Secular Redemption
According to the latest Gallop poll, from 1937 to 1998, church membership remained relatively constant, hovering at about 70 percent. Over the past two decades, that number has dropped to less than 50 percent, the sharpest recorded decline in American history.
Sometimes it takes someone else to hold up a rhetorical mirror to us to see why this is. Shadi Hamid, does that in an article in The Atlantic entitled “America without God,” April 2021. Much of what I write here I owe to this article. “As religious faith has declined, (Hamid writes) ideological intensity has risen. “What was once religious belief has now been channeled into political belief.”
He uses the famous speech by Martin Luther King Jr. as an example “I Have a Dream.” King wishes that “One day this nation will rise up and live out the true meaning of its creed.” Normally creed refers to a religion. But the thought that a nation might have a creed says something about the uniqueness of America. As Abraham Kuyper, a theologian at the dawn of the 20th century wrote, “every deeply felt conviction is sublimated religion.”
What has happened in America is that we have turned political debates into incorporeal or metaphysical issues envisioning a utopia. Robert F. Kennedy said that we must tame the savageness of man in order to make this a more gentle and tolerant world. On the other hand there are those who believe getting rid of the “bad guys,” getting rid of the “deplorables” or “enemies of the state,” will bring about a united people. Again, this is like turning a political issue into a metaphysical question according to man’s own purpose for himself.
But the “promised land” is above, and the matter of who is a “sheep” verses a “goat” and who feels what about anything does not matter in the least to the omnipotent God.
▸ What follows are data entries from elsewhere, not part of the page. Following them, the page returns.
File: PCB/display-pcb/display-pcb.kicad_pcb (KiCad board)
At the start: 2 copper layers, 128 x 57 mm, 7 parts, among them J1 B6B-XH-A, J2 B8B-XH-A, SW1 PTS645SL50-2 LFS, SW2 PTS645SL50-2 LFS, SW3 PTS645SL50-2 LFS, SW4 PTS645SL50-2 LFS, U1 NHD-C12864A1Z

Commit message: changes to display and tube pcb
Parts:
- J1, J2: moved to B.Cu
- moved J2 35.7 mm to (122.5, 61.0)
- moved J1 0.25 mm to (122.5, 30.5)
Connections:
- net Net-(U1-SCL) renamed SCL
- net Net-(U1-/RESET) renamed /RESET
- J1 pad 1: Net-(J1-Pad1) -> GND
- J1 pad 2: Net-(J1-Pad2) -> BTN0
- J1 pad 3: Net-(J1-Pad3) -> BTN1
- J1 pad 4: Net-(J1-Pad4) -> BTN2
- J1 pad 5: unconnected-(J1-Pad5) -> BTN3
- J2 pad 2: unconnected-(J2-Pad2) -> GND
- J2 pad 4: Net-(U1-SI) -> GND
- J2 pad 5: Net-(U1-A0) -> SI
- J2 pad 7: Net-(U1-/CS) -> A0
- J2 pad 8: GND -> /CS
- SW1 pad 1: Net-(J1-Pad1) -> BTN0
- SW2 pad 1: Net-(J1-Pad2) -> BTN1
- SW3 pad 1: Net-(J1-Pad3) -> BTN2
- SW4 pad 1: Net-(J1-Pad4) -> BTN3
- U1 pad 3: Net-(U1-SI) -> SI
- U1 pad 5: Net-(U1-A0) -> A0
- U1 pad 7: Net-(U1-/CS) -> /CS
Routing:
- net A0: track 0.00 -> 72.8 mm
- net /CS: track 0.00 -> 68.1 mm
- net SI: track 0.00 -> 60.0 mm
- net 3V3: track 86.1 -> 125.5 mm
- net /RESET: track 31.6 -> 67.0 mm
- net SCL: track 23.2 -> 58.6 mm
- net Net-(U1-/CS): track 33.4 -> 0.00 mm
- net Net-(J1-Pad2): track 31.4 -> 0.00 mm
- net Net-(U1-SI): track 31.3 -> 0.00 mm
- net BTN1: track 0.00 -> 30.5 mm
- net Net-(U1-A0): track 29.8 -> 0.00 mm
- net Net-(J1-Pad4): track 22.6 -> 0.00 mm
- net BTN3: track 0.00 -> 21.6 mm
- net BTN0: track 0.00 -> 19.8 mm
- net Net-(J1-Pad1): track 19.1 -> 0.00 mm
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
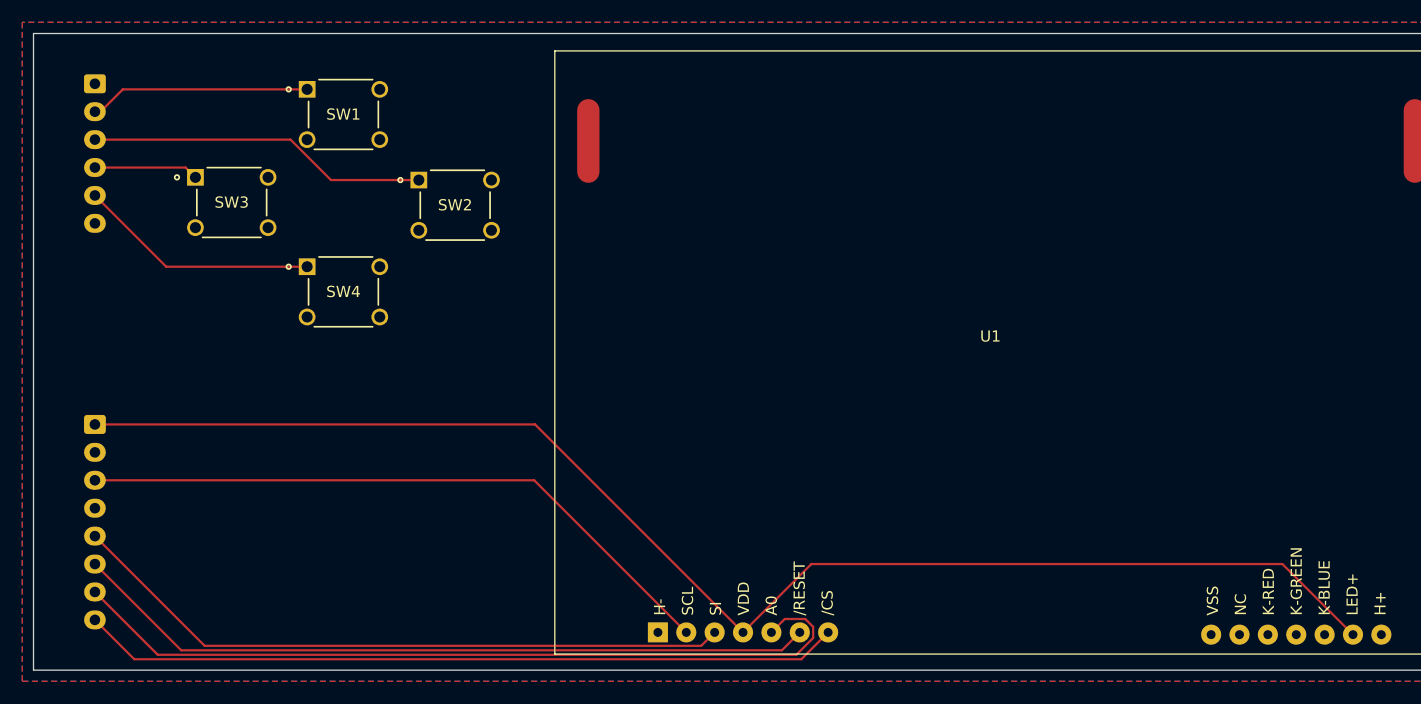
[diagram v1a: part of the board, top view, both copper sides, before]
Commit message: pcb silkscreens mostly
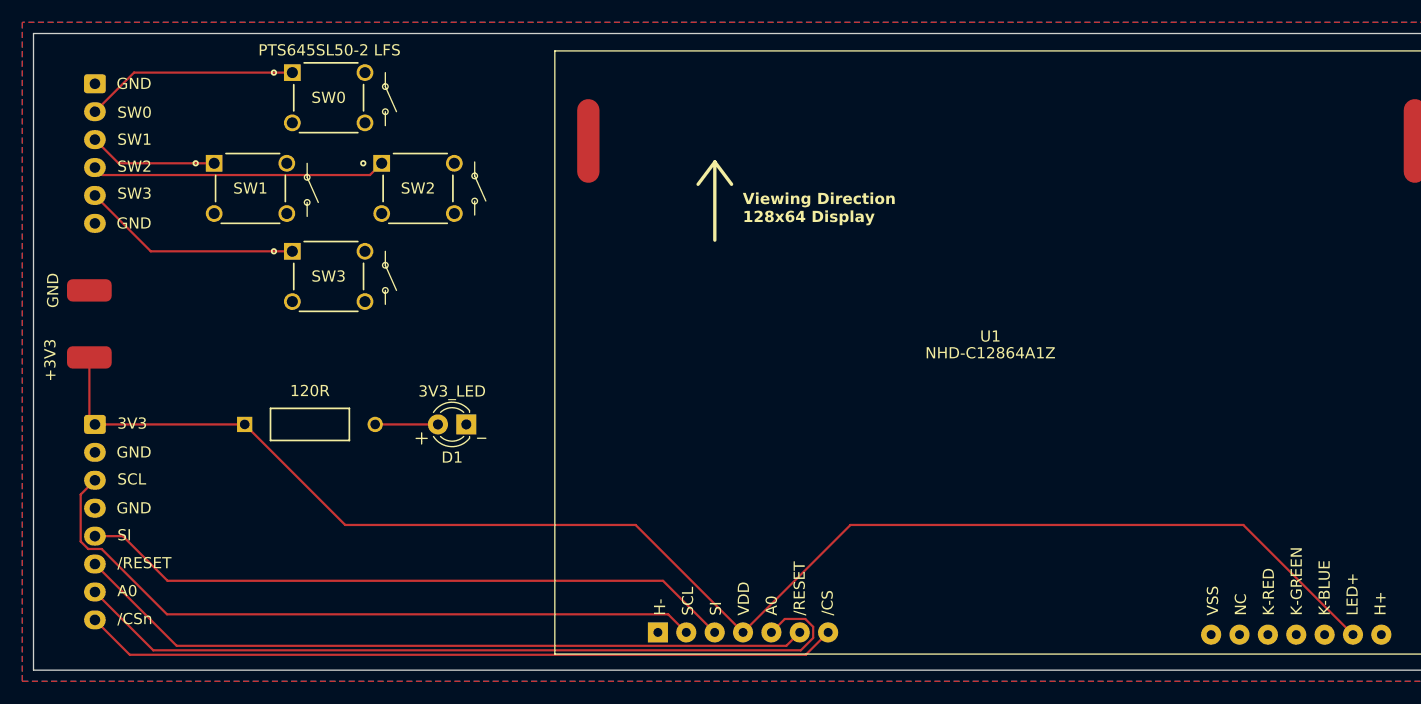
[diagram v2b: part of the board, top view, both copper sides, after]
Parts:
- removed SW4: PTS645SL50-2 LFS, footprints:PTS654S_CNK
- added +3V3: 3V3_Pad, Connector_Wire:SolderWirePad_1x01_SMD_2x4mm, F.Cu at (122.0, 55.0)
- added 120R: 120R, 10k-resistor:YAG_MF25_YAG, F.Cu at (135.9, 61.0)
- added D1: 3V3_LED, LED_THT:LED_D3.0mm, F.Cu at (155.8, 61.0)
- added GND: GND_Pad, Connector_Wire:SolderWirePad_1x01_SMD_2x4mm, F.Cu at (122.0, 49.0)
- added SW0: PTS645SL50-2 LFS, footprints:PTS654S_CNK, F.Cu at (140.2, 29.5)
- moved SW3 10.9 mm to (140.2, 45.5)
- moved SW1 10.6 mm to (133.2, 37.6)
- moved SW2 3.65 mm to (148.2, 37.6)
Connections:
- SW1 pad 1: BTN0 -> BTN1
- SW2 pad 1: BTN1 -> BTN2
- SW3 pad 1: BTN2 -> BTN3
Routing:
- net BTN1: track 30.5 -> 11.6 mm
- net BTN2: track 9.36 -> 26.4 mm
- net 3V3: track 125.5 -> 134.6 mm
- net Net-(D1-A): track 0.00 -> 5.62 mm
- net SCL: track 58.6 -> 63.6 mm
- net BTN3: track 21.6 -> 19.7 mm
- net SI: track 60.0 -> 59.1 mm
- net BTN0: track 19.8 -> 19.1 mm
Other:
- board text added: "/CSn"
- board text added: "/RESET"
- board text added: "3V3"
- board text added: "A0"
- board text added: "GND"
- board text added: "SCL"
- board text added: "SI"
- board text added: "SW0"
- board text added: "SW1"
- board text added: "SW2"
- board text added: "SW3"
- board text added: "Viewing Direction 128x64 Display"

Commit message: pcb stuff i forget
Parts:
- removed +3V3: 3V3_Pad, Connector_Wire:SolderWirePad_1x01_SMD_2x4mm
- removed GND: GND_Pad, Connector_Wire:SolderWirePad_1x01_SMD_2x4mm
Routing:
- net 3V3: track 134.6 -> 129.1 mm
- removed copper zone on F.Cu, net GND
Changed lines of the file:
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@@
 			(outputformat 1)
 			(mirror no)
-			(drillshape 1)
+			(drillshape 0)
 			(scaleselection 1)
-			(outputdirectory "")
+			(outputdirectory "gerber/")
 		)
 	)
@@
 		)
 	)
-	(footprint "Connector_Wire:SolderWirePad_1x01_SMD_2x4mm"
-		(layer "F.Cu")
-		(at 122 49 90)
-		(descr "Wire Pad, Square, SMD Pad,  2mm x 4mm")
-		(tags "MeasurementPoint Square SMDPad 2mmx4mm ")
-		(property "Reference" "GND"
-			(at 0 -3.25 270)
-			(layer "F.SilkS")
-			(effects
-				(font
-					(size 1 1)
-					(thickness 0.15)
-				)
-			)
-		)
-		(property "Value" "GND_Pad"
-			(at 0 2.54 90)
-			(layer "F.Fab")
-			(effects
-				(font
-					(size 1 1)
-					(thickness 0.15)
-				)
-			)
-		)
-		(property "Datasheet" "~"
-			(at 0 0 90)
-			(layer "F.Fab")
-			(hide yes)
-			(effects
-				(font
-					(size 1.27 1.27)
-					(thickness 0.15)
-				)
-			)
-		)
-		(property "Description" "Generic connector, single row, 01x01, script generated"
-			(at 0 0 90)
-			(layer "F.Fab")
-			(hide yes)
-			(effects
-				(font
-					(size 1.27 1.27)
-					(thickness 0.15)
-				)
-			)
-		)
-		(property ki_fp_filters "Connector*:*_1x??_*")
-		(sheetname "/")
-		(sheetfile "display-pcb.kicad_sch")
-		(attr exclude_from_pos_files)
-		(fp_rect
-			(start -1.25 -2.25)
-			(end 1.25 2.25)
-			(stroke
-				(width 0.05)
-				(type solid)
-			)
-			(fill no)
-			(layer "F.CrtYd")
-		)
-		(fp_rect
-			(start -1.15 -2.15)
-			(end 1.15 2.15)
-			(stroke
-				(width 0.1)
-				(type default)
-			)
-			(fill no)
-			(layer "F.Fab")
-		)
-		(fp_text user "${REFERENCE}"
-			(at 0 0 90)
-			(layer "F.Fab")
-			(effects
-				(font
-					(size 1 1)
-					(thickness 0.15)
-				)
-			)
-		)
-		(pad "1" smd roundrect
-			(at 0 0 90)
-			(size 2 4)
-			(layers "F.Cu" "F.Mask")
-			(roundrect_rratio 0.25)
-			(net 4 "GND")
-			(pinfunction "Pin_1")
-			(pintype "passive")
-		)
-		(embedded_fonts no)
-	)
 	(footprint "footprints:PTS654S_CNK"
 		(layer "F.Cu")
@@
 		(embedded_fonts no)
 	)
-	(footprint "Connector_Wire:SolderWirePad_1x01_SMD_2x4mm"
-		(layer "F.Cu")
-		(at 122 55 90)
-		(descr "Wire Pad, Square, SMD Pad,  2mm x 4mm")
-		(tags "MeasurementPoint Square SMDPad 2mmx4mm ")
-		(property "Reference" "+3V3"
-			(at -0.25 -3.5 270)
-			(layer "F.SilkS")
-			(effects
-				(font
-					(size 1 1)
-					(thickness 0.15)
-				)
-			)
-		)
-		(property "Value" "3V3_Pad"
-			(at 0 2.54 90)
-			(layer "F.Fab")
-			(effects
-				(font
-					(size 1 1)
-					(thickness 0.15)
-				)
-			)
-		)
-		(property "Datasheet" "~"
-			(at 0 0 90)
-			(layer "F.Fab")
-			(hide yes)
-			(effects
-				(font
-					(size 1.27 1.27)
-					(thickness 0.15)
-				)
-			)
-		)
-		(property "Description" "Generic connector, single row, 01x01, script generated"
-			(at 0 0 90)
-			(layer "F.Fab")
-			(hide yes)
-			(effects
-				(font
-					(size 1.27 1.27)
-					(thickness 0.15)
-				)
-			)
-		)
-		(property ki_fp_filters "Connector*:*_1x??_*")
-		(sheetname "/")
-		(sheetfile "display-pcb.kicad_sch")
-		(attr exclude_from_pos_files)
-		(fp_rect
-			(start -1.25 -2.25)
-			(end 1.25 2.25)
-			(stroke
-				(width 0.05)
-				(type solid)
-			)
-			(fill no)
-			(layer "F.CrtYd")
-		)
-		(fp_rect
-			(start -1.15 -2.15)
-			(end 1.15 2.15)
-			(stroke
-				(width 0.1)
-				(type default)
-			)
-			(fill no)
-			(layer "F.Fab")
-		)
-		(fp_text user "${REFERENCE}"
-			(at 0 0 90)
-			(layer "F.Fab")
-			(effects
-				(font
-					(size 1 1)
-					(thickness 0.15)
-				)
-			)
-		)
-		(pad "1" smd roundrect
-			(at 0 0 90)
-			(size 2 4)
-			(layers "F.Cu" "F.Mask")
-			(roundrect_rratio 0.25)
-			(net 8 "3V3")
-			(pinfunction "Pin_1")
-			(pintype "passive")
-		)
-		(embedded_fonts no)
-	)
 	(footprint "footprints:PTS654S_CNK"
 		(layer "F.Cu")
@@
 	)
 	(segment
-		(start 122 55)
-		(end 122 60.5)
-		(width 0.2)
-		(layer "F.Cu")
-		(net 8)
-	)
-	(segment
 		(start 180.52425 79.61995)
 		(end 190.1442 70)
@@
 		(net_name "GND")
 		(locked yes)
-		(layers "F.Cu" "B.Cu")
+		(layer "B.Cu")
 		(hatch edge 0.5)
+		(priority 1)
 		(connect_pads
 			(clearance 0.5)
@@
 		(polygon
 			(pts
-				(xy 116 25) (xy 116 84) (xy 246 84) (xy 246 25)
+				(xy 106 15) (xy 105.5 97) (xy 261 97) (xy 259.5 14)
 			)
 		)

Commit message: PCB updates
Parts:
- removed SW0: PTS645SL50-2 LFS, footprints:PTS654S_CNK
- added J3: B8B-XH-A, Connector_JST:JST_XH_B8B-XH-A_1x08_P2.50mm_Vertical, B.Cu at (125.5, 121.5)
- added SW4: PTS645SL50-2 LFS, footprints:PTS654S_CNK, F.Cu at (140.7, 73.6)
- added U2: ~, microsd:pmod-microsd, F.Cu at (140.1, 114.5)
- moved J2 68.7 mm to (155.5, 121.2), turned to 90 degrees
- moved J1 56.6 mm to (125.5, 87.0), turned to 90 degrees
- moved SW1 52.5 mm to (140.7, 89.6)
- moved D1 47.0 mm to (126.8, 98.0)
- moved SW2 46.5 mm to (133.2, 81.6)
- moved U1 43.2 mm to (198.7, 96.6)
- moved SW3 37.1 mm to (148.7, 81.6)
- moved R1 31.5 mm to (134.5, 92.5), turned to 180 degrees
- renumbered 120R to R1
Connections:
- J2 pad 6: /RESET -> A0
- J2 pad 7: A0 -> /RESET
- SW1 pad 1: BTN1 -> BTN0
- SW2 pad 1: BTN2 -> BTN1
- SW3 pad 1: BTN3 -> BTN2
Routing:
- net SCL: track 63.6 -> 18.6 mm
- net A0: track 72.5 -> 29.3 mm
- net SI: track 59.1 -> 23.2 mm
- net /RESET: track 66.6 -> 32.9 mm
- net /CS: track 67.8 -> 36.4 mm
- net SD_CSn: track 0.00 -> 27.3 mm
- net SD_MOSI: track 0.00 -> 22.7 mm
- net SD_MISO: track 0.00 -> 19.1 mm
- net SD_SCK: track 0.00 -> 14.5 mm
- net SD_3V3: track 0.00 -> 8.60 mm
- net 3V3: track 129.1 -> 120.5 mm
- net BTN1: track 11.6 -> 7.83 mm
- net BTN3: track 19.7 -> 16.6 mm
- net BTN2: track 26.4 -> 24.1 mm
- net BTN0: track 19.1 -> 17.3 mm
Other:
- board size 128 x 57 mm -> 120.5 x 57 mm
- board text added: "/CS"
- board text added: "/RST"
- board text added: "BTN0"
- board text added: "BTN1"
- board text added: "BTN2"
- board text added: "BTN3"
- board text added: "CSn"
- board text added: "MISO"
- board text added: "MOSI"
- board text added: "SCK"
- board text removed: "/CSn"
- board text removed: "/RESET"
- board text removed: "SCL"
- board text removed: "SI"
- board text removed: "SW0"
- board text removed: "SW1"
- board text removed: "SW2"
- board text removed: "SW3"

But that is what happens when politics become a religion. It then becomes a matter of what’s up ahead like working towards a more gentle people or people of “one creed,” or getting rid of the “bad guys” or bad ideologies.
Abraham Kuyper, a theologian at the dawn of the 20th century wrote that “deeply felt convictions are sublimated religious convictions.” For no people can exist for long without some loyalty to something. So if it didn’t come from traditional religious beliefs, it would come from some form of nationalism, socialism, or liberalism. Samuel Goldman calls this the “law of the conservation of religion.” In every society throughout the world there is a constant supply of many people, including the young, who have turned their backs on the church and are looking for secular solutions [corporeal] to metaphysical matters by trying to find these meanings in their own lives.
And that’s the problem; these belief systems are becoming much more diverse and contentious. Conflicting ideologies do not have the ability to resolve themselves. I agree with Shadi Hamid. “If only we could believe less in political issues [political issues of every sort].
But I believe that the loss of membership in churches is due rather to the churches failure to proclaim the good news that salvation is given to people who come to realize that redemption is not found in this world.
That God was in Christ reconciling the world to Himself, not imputing their trespasses to them, and has committed to us the word of reconciliation.
2 Corinthians 5:19 nkjv
This does not mean that we should abandon the world and cloister in some remote area of the world. Rather the God who created this world, as found in the book of Genesis, is the same God who revealed Himself through Jesus Christ who came as a real human being into this world to reconcile “the world unto His Father.” To accomplish this God sent His Spirit (metaphysical Spirit) into this world to gather His people into one nation, a different nation, the Kingdom of God.
Let us pray this prayer together. “Thy kingdom come, Thy will be done on earth as it is in heaven.”